TASK PROMPT: Only some lines are wanted. Transcribe, exactly, the lines below from the line with "#7678 = ORIENTED_EDGE" up to and including the line with "#13413 = EDGE_CURVE".

Records contained in a dataset:
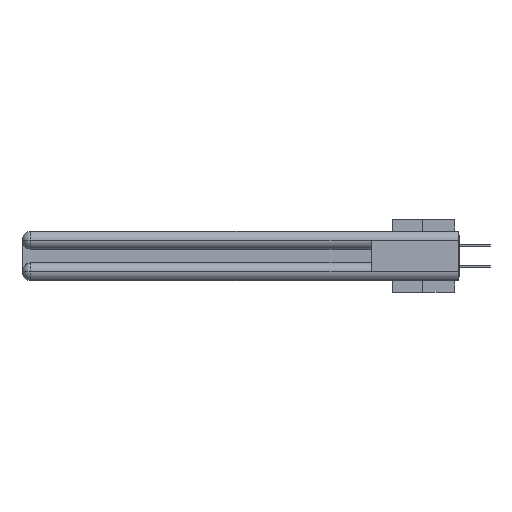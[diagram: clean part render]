
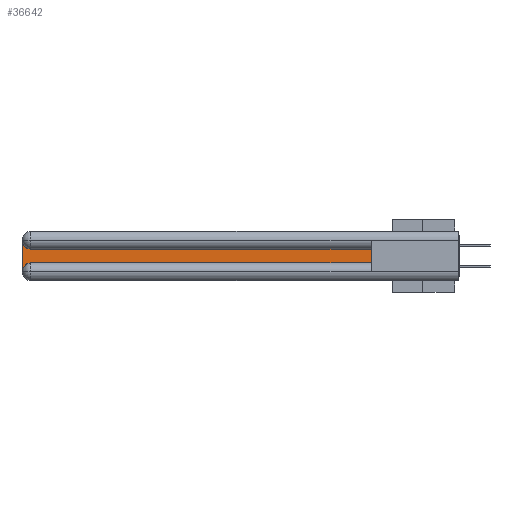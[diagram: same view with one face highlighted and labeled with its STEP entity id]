
A CAD part, left-side view. The second image highlights one B-rep face of the part: STEP entity #36642.
In plain terms, the highlighted planar face has unit normal (-1, 0, 0).
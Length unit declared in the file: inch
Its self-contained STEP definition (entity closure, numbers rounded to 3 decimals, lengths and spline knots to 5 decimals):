
#15 = EDGE_CURVE ( 'NONE', #12797, #29449, #14097, .T. ) ;
#141 = EDGE_CURVE ( 'NONE', #23529, #12797, #32410, .T. ) ;
#976 = ORIENTED_EDGE ( 'NONE', *, *, #47764, .T. ) ;
#1472 = ORIENTED_EDGE ( 'NONE', *, *, #15, .T. ) ;
#1903 = ORIENTED_EDGE ( 'NONE', *, *, #43621, .T. ) ;
#2291 = AXIS2_PLACEMENT_3D ( 'NONE', #12266, #16235, #34461 ) ;
#5469 = CARTESIAN_POINT ( 'NONE',  ( 0.075, 2.94, -0.0625 ) ) ;
#5748 = FACE_OUTER_BOUND ( 'NONE', #43888, .T. ) ;
#6419 = VECTOR ( 'NONE', #36277, 39.37008 ) ;
#7132 = DIRECTION ( 'NONE',  ( 0., 0., -1. ) ) ;
#8785 = DIRECTION ( 'NONE',  ( 1., 0., 0. ) ) ;
#9615 = VECTOR ( 'NONE', #45764, 39.37008 ) ;
#11864 = CARTESIAN_POINT ( 'NONE',  ( 0.075, 0.6, -0.1225 ) ) ;
#12266 = CARTESIAN_POINT ( 'NONE',  ( 0.075, 2.94, -0.2775 ) ) ;
#12797 = VERTEX_POINT ( 'NONE', #11864 ) ;
#14097 = LINE ( 'NONE', #31294, #43660 ) ;
#15169 = VERTEX_POINT ( 'NONE', #17118 ) ;
#16235 = DIRECTION ( 'NONE',  ( 1., 0., 0. ) ) ;
#17118 = CARTESIAN_POINT ( 'NONE',  ( 0.075, 3., -0.0625 ) ) ;
#17577 = CARTESIAN_POINT ( 'NONE',  ( 0.075, 0.6, -0.2175 ) ) ;
#18876 = CARTESIAN_POINT ( 'NONE',  ( 0.075, 3., -0.2175 ) ) ;
#19325 = CARTESIAN_POINT ( 'NONE',  ( 0.075, 0.6, -0.2175 ) ) ;
#19689 = PLANE ( 'NONE',  #26944 ) ;
#20264 = CARTESIAN_POINT ( 'NONE',  ( 0.075, 2.94, -0.1225 ) ) ;
#22741 = CIRCLE ( 'NONE', #2291, 0.06 ) ;
#23529 = VERTEX_POINT ( 'NONE', #25112 ) ;
#23617 = AXIS2_PLACEMENT_3D ( 'NONE', #5469, #36070, #31584 ) ;
#25048 = VECTOR ( 'NONE', #7132, 39.37008 ) ;
#25112 = CARTESIAN_POINT ( 'NONE',  ( 0.075, 0.6, -0.2175 ) ) ;
#26512 = EDGE_CURVE ( 'NONE', #34244, #44237, #22741, .T. ) ;
#26944 = AXIS2_PLACEMENT_3D ( 'NONE', #31392, #8785, #31088 ) ;
#29449 = VERTEX_POINT ( 'NONE', #20264 ) ;
#31088 = DIRECTION ( 'NONE',  ( 0., 0., -1. ) ) ;
#31294 = CARTESIAN_POINT ( 'NONE',  ( 0.075, 0.6, -0.1225 ) ) ;
#31359 = ORIENTED_EDGE ( 'NONE', *, *, #26512, .T. ) ;
#31392 = CARTESIAN_POINT ( 'NONE',  ( 0.075, 3., -0.1225 ) ) ;
#31584 = DIRECTION ( 'NONE',  ( 0., 0., -1. ) ) ;
#32410 = LINE ( 'NONE', #17577, #6419 ) ;
#33111 = CARTESIAN_POINT ( 'NONE',  ( 0.075, 2.94, -0.2175 ) ) ;
#34244 = VERTEX_POINT ( 'NONE', #40004 ) ;
#34461 = DIRECTION ( 'NONE',  ( 0., 0., -1. ) ) ;
#36070 = DIRECTION ( 'NONE',  ( 1., 0., 0. ) ) ;
#36277 = DIRECTION ( 'NONE',  ( 0., 0., 1. ) ) ;
#36642 = ADVANCED_FACE ( 'NONE', ( #5748 ), #19689, .F. ) ;
#39196 = LINE ( 'NONE', #18876, #25048 ) ;
#40004 = CARTESIAN_POINT ( 'NONE',  ( 0.075, 3., -0.2775 ) ) ;
#41515 = ORIENTED_EDGE ( 'NONE', *, *, #48139, .T. ) ;
#41587 = CIRCLE ( 'NONE', #23617, 0.06 ) ;
#43621 = EDGE_CURVE ( 'NONE', #15169, #34244, #39196, .T. ) ;
#43660 = VECTOR ( 'NONE', #44065, 39.37008 ) ;
#43888 = EDGE_LOOP ( 'NONE', ( #1472, #976, #1903, #31359, #41515, #48804 ) ) ;
#43948 = LINE ( 'NONE', #19325, #9615 ) ;
#44065 = DIRECTION ( 'NONE',  ( 0., 1., 0. ) ) ;
#44237 = VERTEX_POINT ( 'NONE', #33111 ) ;
#45764 = DIRECTION ( 'NONE',  ( 0., -1., 0. ) ) ;
#47764 = EDGE_CURVE ( 'NONE', #29449, #15169, #41587, .T. ) ;
#48139 = EDGE_CURVE ( 'NONE', #44237, #23529, #43948, .T. ) ;
#48804 = ORIENTED_EDGE ( 'NONE', *, *, #141, .T. ) ;
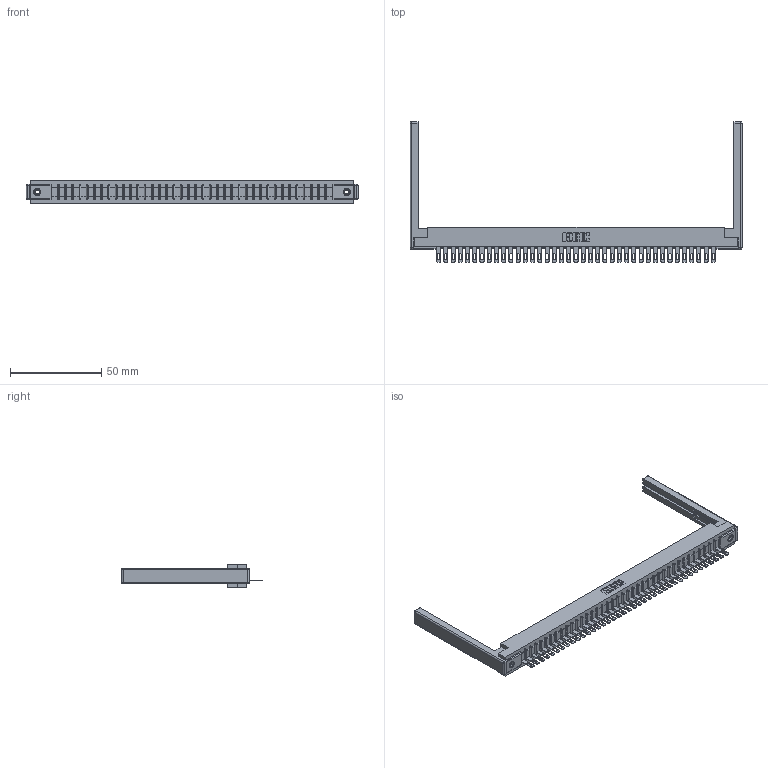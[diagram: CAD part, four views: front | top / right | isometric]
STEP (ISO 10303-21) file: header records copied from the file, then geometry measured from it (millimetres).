
FILE_DESCRIPTION (( 'STEP AP203' ), '1' );
FILE_NAME ('357-039-405-168.STEP', '2020-10-02T22:19:02', ( '' ), ( '' ), 'SwSTEP 2.0', 'SolidWorks 2020', '' );
FILE_SCHEMA (( 'CONFIG_CONTROL_DESIGN' ));
Length unit declared in the file: inch
Products named in the file (5): 345-250-001_345-250-001-102; 307 Part_.156 Dia Mounting Holes; 307-290-001_505; 357-039-405-168; 307-220-068
Assembly tree (44 placements, depth 2):
  357-039-405-168
    307 Part_.156 Dia Mounting Holes
    307-290-001_505  x39
    307-220-068  x2
    345-250-001_345-250-001-102  x2
Bounding box: 181.97 x 77.14 x 12.7 mm (x, y, z)
Volume: 23317.8 mm3; surface area: 24409.5 mm2
Topology: 44 solids, 44 shells, 2496 faces, 7031 edges, 4506 vertices
Faces by surface type: plane 1562, cylinder 830, sphere 88, cone 12, torus 4
Entity records: 36537 total; most frequent: CARTESIAN_POINT 6117, ORIENTED_EDGE 6092, DIRECTION 5970, EDGE_CURVE 3046, VECTOR 2332, LINE 2332, VERTEX_POINT 1966, AXIS2_PLACEMENT_3D 1819
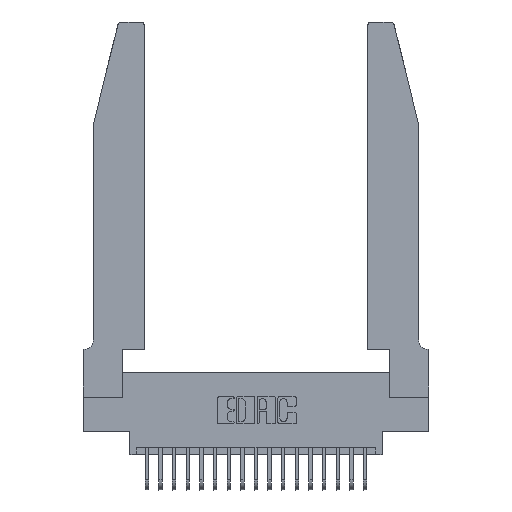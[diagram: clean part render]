
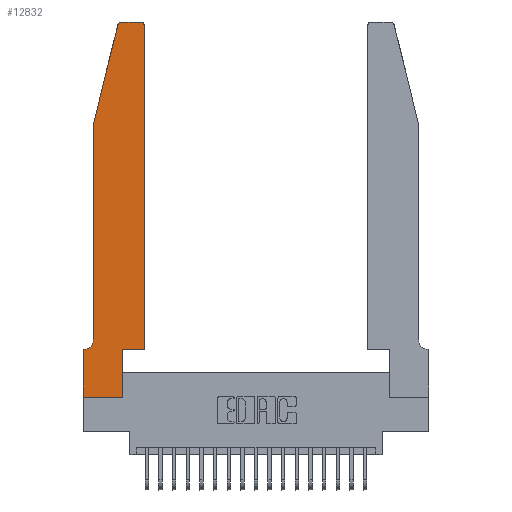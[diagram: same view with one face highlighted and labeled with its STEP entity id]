
A CAD part, top view. The second image highlights one B-rep face of the part: STEP entity #12832.
In plain terms, the highlighted planar face has unit normal (0, 0, 1).
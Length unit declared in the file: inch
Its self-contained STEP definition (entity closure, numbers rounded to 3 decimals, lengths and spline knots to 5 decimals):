
#241 = CARTESIAN_POINT ( 'NONE',  ( 0.2865, 0.35, 0.37 ) ) ;
#877 = EDGE_CURVE ( 'NONE', #9684, #13291, #17296, .T. ) ;
#950 = CARTESIAN_POINT ( 'NONE',  ( 0.4505, 0.35, 0.37 ) ) ;
#2104 = EDGE_CURVE ( 'NONE', #16932, #18440, #22708, .T. ) ;
#2256 = VECTOR ( 'NONE', #17035, 39.37008 ) ;
#2323 = CARTESIAN_POINT ( 'NONE',  ( 0., 0.35, 0.37 ) ) ;
#2464 = CARTESIAN_POINT ( 'NONE',  ( 0.0755, 2., 0.37 ) ) ;
#2515 = CARTESIAN_POINT ( 'NONE',  ( 0.0055, 0.42, 0.37 ) ) ;
#2593 = VERTEX_POINT ( 'NONE', #18004 ) ;
#2752 = AXIS2_PLACEMENT_3D ( 'NONE', #13253, #15020, #4253 ) ;
#3676 = CARTESIAN_POINT ( 'NONE',  ( 0.284, 2.72, 0.37 ) ) ;
#3970 = VERTEX_POINT ( 'NONE', #6643 ) ;
#4253 = DIRECTION ( 'NONE',  ( 1., 0., 0. ) ) ;
#4393 = DIRECTION ( 'NONE',  ( -1., 0., 0. ) ) ;
#4984 = ORIENTED_EDGE ( 'NONE', *, *, #7084, .T. ) ;
#5078 = VERTEX_POINT ( 'NONE', #16766 ) ;
#5187 = CARTESIAN_POINT ( 'NONE',  ( 0.2865, 0., 0.37 ) ) ;
#5199 = VECTOR ( 'NONE', #22372, 39.37008 ) ;
#5392 = CARTESIAN_POINT ( 'NONE',  ( 0.284, 2.75, 0.37 ) ) ;
#5557 = DIRECTION ( 'NONE',  ( 1., 0., 0. ) ) ;
#5711 = EDGE_CURVE ( 'NONE', #18440, #8548, #11969, .T. ) ;
#5781 = LINE ( 'NONE', #20601, #5199 ) ;
#6074 = ORIENTED_EDGE ( 'NONE', *, *, #11623, .T. ) ;
#6567 = VECTOR ( 'NONE', #8561, 39.37008 ) ;
#6643 = CARTESIAN_POINT ( 'NONE',  ( 0.4205, 2.75, 0.37 ) ) ;
#6813 = LINE ( 'NONE', #22697, #11026 ) ;
#6990 = ORIENTED_EDGE ( 'NONE', *, *, #877, .T. ) ;
#7084 = EDGE_CURVE ( 'NONE', #2593, #22466, #12456, .T. ) ;
#7121 = EDGE_CURVE ( 'NONE', #3970, #15149, #11331, .T. ) ;
#7130 = DIRECTION ( 'NONE',  ( 0., 1., 0. ) ) ;
#7306 = DIRECTION ( 'NONE',  ( -1., 0., 0. ) ) ;
#7678 = ORIENTED_EDGE ( 'NONE', *, *, #2104, .T. ) ;
#7838 = EDGE_CURVE ( 'NONE', #16422, #2593, #6813, .T. ) ;
#8370 = CARTESIAN_POINT ( 'NONE',  ( 0.0755, 0.35, 0.37 ) ) ;
#8452 = CARTESIAN_POINT ( 'NONE',  ( 0.4205, 2.72, 0.37 ) ) ;
#8548 = VERTEX_POINT ( 'NONE', #23055 ) ;
#8561 = DIRECTION ( 'NONE',  ( -1., 0., 0. ) ) ;
#8899 = ORIENTED_EDGE ( 'NONE', *, *, #13413, .T. ) ;
#8993 = AXIS2_PLACEMENT_3D ( 'NONE', #3676, #16250, #5557 ) ;
#9684 = VERTEX_POINT ( 'NONE', #2464 ) ;
#9938 = CARTESIAN_POINT ( 'NONE',  ( 0., 0., 0.37 ) ) ;
#10258 = DIRECTION ( 'NONE',  ( 1., 0., 0. ) ) ;
#10673 = CARTESIAN_POINT ( 'NONE',  ( 0.2865, 0.35, 0.37 ) ) ;
#10739 = DIRECTION ( 'NONE',  ( 0., -1., 0. ) ) ;
#11026 = VECTOR ( 'NONE', #13981, 39.37008 ) ;
#11293 = DIRECTION ( 'NONE',  ( 1., 0., 0. ) ) ;
#11321 = CARTESIAN_POINT ( 'NONE',  ( 0.0755, 2., 0.37 ) ) ;
#11331 = LINE ( 'NONE', #13852, #6567 ) ;
#11623 = EDGE_CURVE ( 'NONE', #5078, #9684, #5781, .T. ) ;
#11921 = DIRECTION ( 'NONE',  ( 0., 1., 0. ) ) ;
#11969 = LINE ( 'NONE', #9938, #2256 ) ;
#12070 = EDGE_CURVE ( 'NONE', #19820, #16422, #15271, .T. ) ;
#12185 = LINE ( 'NONE', #20187, #16854 ) ;
#12456 = LINE ( 'NONE', #950, #12991 ) ;
#12832 = ADVANCED_FACE ( 'NONE', ( #22622 ), #21972, .T. ) ;
#12991 = VECTOR ( 'NONE', #11921, 39.37008 ) ;
#13253 = CARTESIAN_POINT ( 'NONE',  ( 0., 0.35, 0.37 ) ) ;
#13291 = VERTEX_POINT ( 'NONE', #18077 ) ;
#13413 = EDGE_CURVE ( 'NONE', #8548, #19820, #12185, .T. ) ;
#13558 = EDGE_LOOP ( 'NONE', ( #17201, #16287, #6074, #6990, #14832, #7678, #20823, #8899, #17856, #15380, #4984, #17040 ) ) ;
#13852 = CARTESIAN_POINT ( 'NONE',  ( 0.2605, 2.75, 0.37 ) ) ;
#13981 = DIRECTION ( 'NONE',  ( 1., 0., 0. ) ) ;
#14418 = CARTESIAN_POINT ( 'NONE',  ( 0.0055, 0.35, 0.37 ) ) ;
#14725 = VECTOR ( 'NONE', #7130, 39.37008 ) ;
#14832 = ORIENTED_EDGE ( 'NONE', *, *, #17916, .T. ) ;
#15020 = DIRECTION ( 'NONE',  ( 0., 0., 1. ) ) ;
#15149 = VERTEX_POINT ( 'NONE', #5392 ) ;
#15150 = DIRECTION ( 'NONE',  ( 0., 0., -1. ) ) ;
#15271 = LINE ( 'NONE', #10673, #14725 ) ;
#15380 = ORIENTED_EDGE ( 'NONE', *, *, #7838, .T. ) ;
#15941 = CIRCLE ( 'NONE', #17163, 0.03 ) ;
#16250 = DIRECTION ( 'NONE',  ( 0., 0., 1. ) ) ;
#16287 = ORIENTED_EDGE ( 'NONE', *, *, #22155, .T. ) ;
#16422 = VERTEX_POINT ( 'NONE', #241 ) ;
#16766 = CARTESIAN_POINT ( 'NONE',  ( 0.25487, 2.72718, 0.37 ) ) ;
#16799 = CIRCLE ( 'NONE', #16855, 0.07 ) ;
#16854 = VECTOR ( 'NONE', #11293, 39.37008 ) ;
#16855 = AXIS2_PLACEMENT_3D ( 'NONE', #2515, #15150, #4393 ) ;
#16932 = VERTEX_POINT ( 'NONE', #14418 ) ;
#17035 = DIRECTION ( 'NONE',  ( 0., -1., 0. ) ) ;
#17040 = ORIENTED_EDGE ( 'NONE', *, *, #18639, .T. ) ;
#17163 = AXIS2_PLACEMENT_3D ( 'NONE', #8452, #20774, #10258 ) ;
#17201 = ORIENTED_EDGE ( 'NONE', *, *, #7121, .T. ) ;
#17296 = LINE ( 'NONE', #11321, #22483 ) ;
#17515 = VECTOR ( 'NONE', #7306, 39.37008 ) ;
#17856 = ORIENTED_EDGE ( 'NONE', *, *, #12070, .T. ) ;
#17916 = EDGE_CURVE ( 'NONE', #13291, #16932, #16799, .T. ) ;
#18004 = CARTESIAN_POINT ( 'NONE',  ( 0.4505, 0.35, 0.37 ) ) ;
#18077 = CARTESIAN_POINT ( 'NONE',  ( 0.0755, 0.42, 0.37 ) ) ;
#18440 = VERTEX_POINT ( 'NONE', #2323 ) ;
#18639 = EDGE_CURVE ( 'NONE', #22466, #3970, #15941, .T. ) ;
#19820 = VERTEX_POINT ( 'NONE', #5187 ) ;
#20018 = CIRCLE ( 'NONE', #8993, 0.03 ) ;
#20187 = CARTESIAN_POINT ( 'NONE',  ( 0., 0., 0.37 ) ) ;
#20502 = CARTESIAN_POINT ( 'NONE',  ( 0.4505, 2.72, 0.37 ) ) ;
#20601 = CARTESIAN_POINT ( 'NONE',  ( 0.0755, 2., 0.37 ) ) ;
#20774 = DIRECTION ( 'NONE',  ( 0., 0., 1. ) ) ;
#20823 = ORIENTED_EDGE ( 'NONE', *, *, #5711, .T. ) ;
#21972 = PLANE ( 'NONE',  #2752 ) ;
#22155 = EDGE_CURVE ( 'NONE', #15149, #5078, #20018, .T. ) ;
#22372 = DIRECTION ( 'NONE',  ( -0.239, -0.971, 0. ) ) ;
#22466 = VERTEX_POINT ( 'NONE', #20502 ) ;
#22483 = VECTOR ( 'NONE', #10739, 39.37008 ) ;
#22622 = FACE_OUTER_BOUND ( 'NONE', #13558, .T. ) ;
#22697 = CARTESIAN_POINT ( 'NONE',  ( 0.4505, 0.35, 0.37 ) ) ;
#22708 = LINE ( 'NONE', #8370, #17515 ) ;
#23055 = CARTESIAN_POINT ( 'NONE',  ( 0., 0., 0.37 ) ) ;

RESULT OF THE EXERCISE:
#7678 = ORIENTED_EDGE ( 'NONE', *, *, #2104, .T. ) ;
#7838 = EDGE_CURVE ( 'NONE', #16422, #2593, #6813, .T. ) ;
#8370 = CARTESIAN_POINT ( 'NONE',  ( 0.0755, 0.35, 0.37 ) ) ;
#8452 = CARTESIAN_POINT ( 'NONE',  ( 0.4205, 2.72, 0.37 ) ) ;
#8548 = VERTEX_POINT ( 'NONE', #23055 ) ;
#8561 = DIRECTION ( 'NONE',  ( -1., 0., 0. ) ) ;
#8899 = ORIENTED_EDGE ( 'NONE', *, *, #13413, .T. ) ;
#8993 = AXIS2_PLACEMENT_3D ( 'NONE', #3676, #16250, #5557 ) ;
#9684 = VERTEX_POINT ( 'NONE', #2464 ) ;
#9938 = CARTESIAN_POINT ( 'NONE',  ( 0., 0., 0.37 ) ) ;
#10258 = DIRECTION ( 'NONE',  ( 1., 0., 0. ) ) ;
#10673 = CARTESIAN_POINT ( 'NONE',  ( 0.2865, 0.35, 0.37 ) ) ;
#10739 = DIRECTION ( 'NONE',  ( 0., -1., 0. ) ) ;
#11026 = VECTOR ( 'NONE', #13981, 39.37008 ) ;
#11293 = DIRECTION ( 'NONE',  ( 1., 0., 0. ) ) ;
#11321 = CARTESIAN_POINT ( 'NONE',  ( 0.0755, 2., 0.37 ) ) ;
#11331 = LINE ( 'NONE', #13852, #6567 ) ;
#11623 = EDGE_CURVE ( 'NONE', #5078, #9684, #5781, .T. ) ;
#11921 = DIRECTION ( 'NONE',  ( 0., 1., 0. ) ) ;
#11969 = LINE ( 'NONE', #9938, #2256 ) ;
#12070 = EDGE_CURVE ( 'NONE', #19820, #16422, #15271, .T. ) ;
#12185 = LINE ( 'NONE', #20187, #16854 ) ;
#12456 = LINE ( 'NONE', #950, #12991 ) ;
#12832 = ADVANCED_FACE ( 'NONE', ( #22622 ), #21972, .T. ) ;
#12991 = VECTOR ( 'NONE', #11921, 39.37008 ) ;
#13253 = CARTESIAN_POINT ( 'NONE',  ( 0., 0.35, 0.37 ) ) ;
#13291 = VERTEX_POINT ( 'NONE', #18077 ) ;
#13413 = EDGE_CURVE ( 'NONE', #8548, #19820, #12185, .T. ) ;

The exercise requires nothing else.